Der Anteil der Kinder und Jugendlichen mit einer Social-Media-Sucht verdoppelte sich damit während und nach der Pandemie von 3,2 auf 6,1 Prozent nahezu. Zudem nutzt mit 24,5 Prozent jedes vierte Kind soziale Medien auf riskante Art und Weise. Das sind hochgerechnet insgesamt 1,3 Millionen Mädchen und Jungen und dreimal so viele wie noch vor vier Jahren, als dieser Anteil bei 8,2 Prozent lag.

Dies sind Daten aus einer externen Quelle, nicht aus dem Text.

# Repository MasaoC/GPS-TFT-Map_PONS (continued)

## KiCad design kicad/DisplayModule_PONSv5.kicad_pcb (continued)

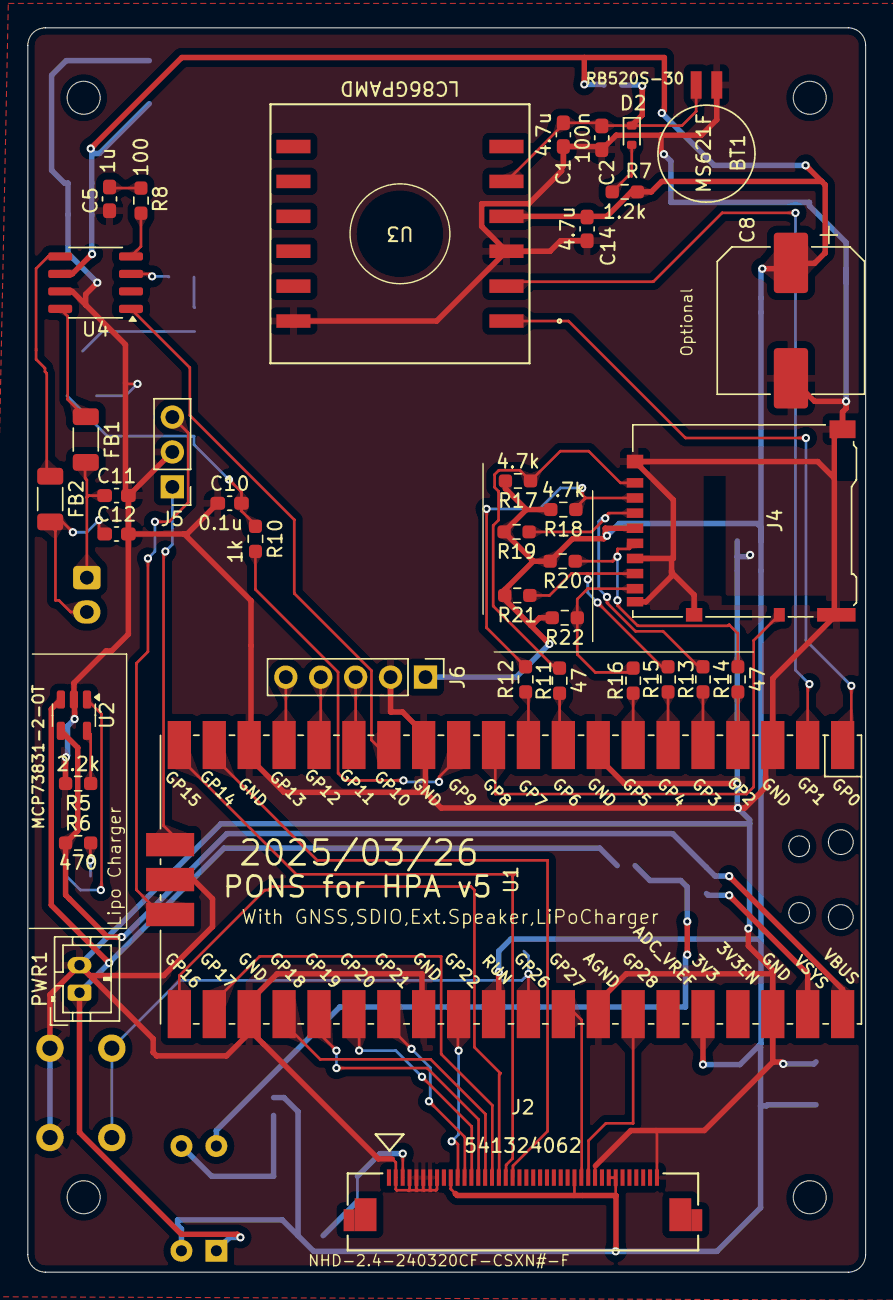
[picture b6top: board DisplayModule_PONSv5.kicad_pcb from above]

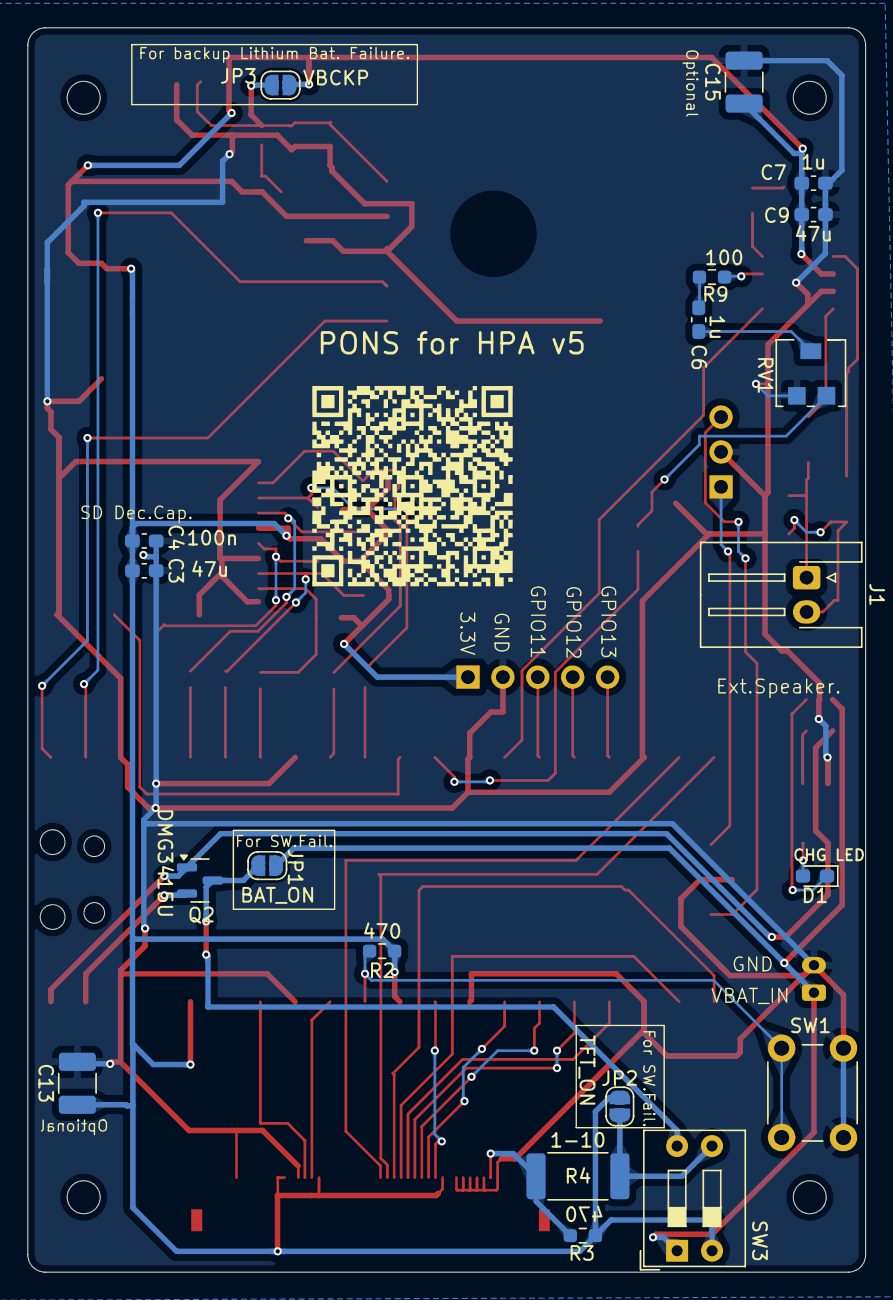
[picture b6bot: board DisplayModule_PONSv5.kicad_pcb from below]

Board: 2 copper layers, 61.0 x 90.5 mm, 58 parts (20 on the bottom side), 57 nets.

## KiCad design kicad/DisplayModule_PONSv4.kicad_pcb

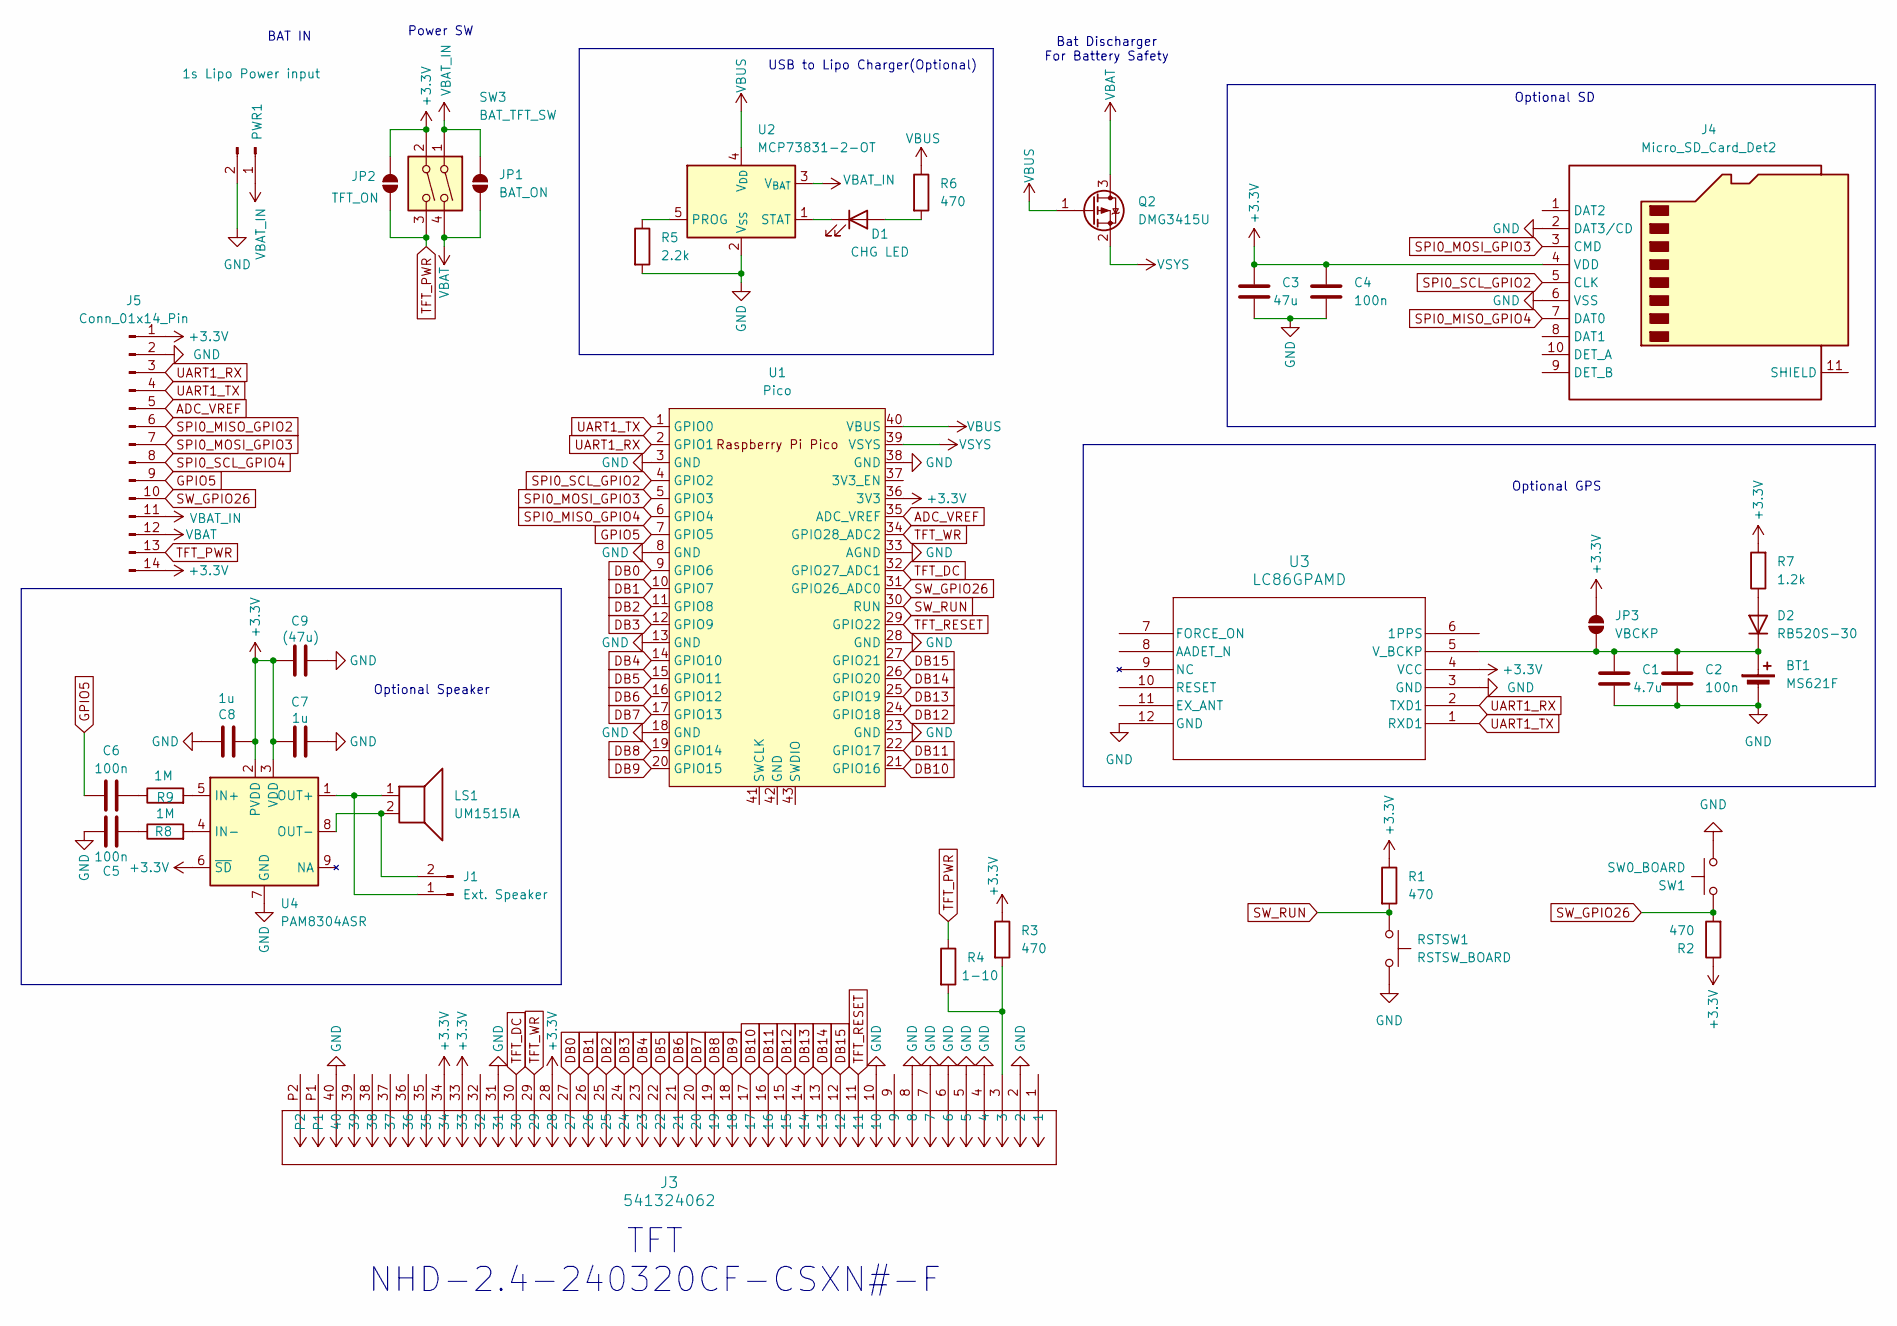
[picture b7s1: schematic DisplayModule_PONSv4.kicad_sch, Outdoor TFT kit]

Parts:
BT1: MS621F; BatteryHolder_Seiko_MS621F
C1: 4.7u; C_0603_1608Metric_Pad1.08x0.95mm_HandSolder
C2, C4, C5, C6: 100n; C_0603_1608Metric_Pad1.08x0.95mm_HandSolder
C3: 47u; C_0603_1608Metric_Pad1.08x0.95mm_HandSolder
C7, C8: 1u; C_0603_1608Metric_Pad1.08x0.95mm_HandSolder
C9: (47u); C_0603_1608Metric_Pad1.08x0.95mm_HandSolder
D1: CHG LED; LED_0603_1608Metric_Pad1.05x0.95mm_HandSolder
D2: RB520S-30; D_SOD-523
J1: Ext. Speaker; JST_XA_B02B-XASK-1_1x02_P2.50mm_Vertical
J3: 541324062; CON_541324062_MOL
J4: Micro_SD_Card_Det2; microSD_HC_Hirose_DM3AT-SF-PEJM5
J5: Conn_01x14_Pin; PinHeader_1x14_P2.54mm_Vertical
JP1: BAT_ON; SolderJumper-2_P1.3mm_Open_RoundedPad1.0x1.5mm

Kinder und Jugendliche verbringen der Studie zufolge an einem normalen Wochentag durchschnittlich 150 Minuten in sozialen Netzwerken. 2019 waren es 123 Minuten. Am Wochenende sind es mit 224 Minuten sogar mehr als dreieinhalb Stunden, nach 191 Minuten im Jahr 2019. Die Forschung zu Essstörungen kann sich an solchen Erhebungen orientieren, denn auch andere negative Auswirkungen durch Social Media wurden durch die Studie deutlich. Wie die Untersuchung zeigt, berichten Mädchen und Jungen mit einer problematischen Social-Media-Nutzung häufiger von depressiven Symptomen, mehr Ängsten und einem höheren Stresslevel als unauffällige User.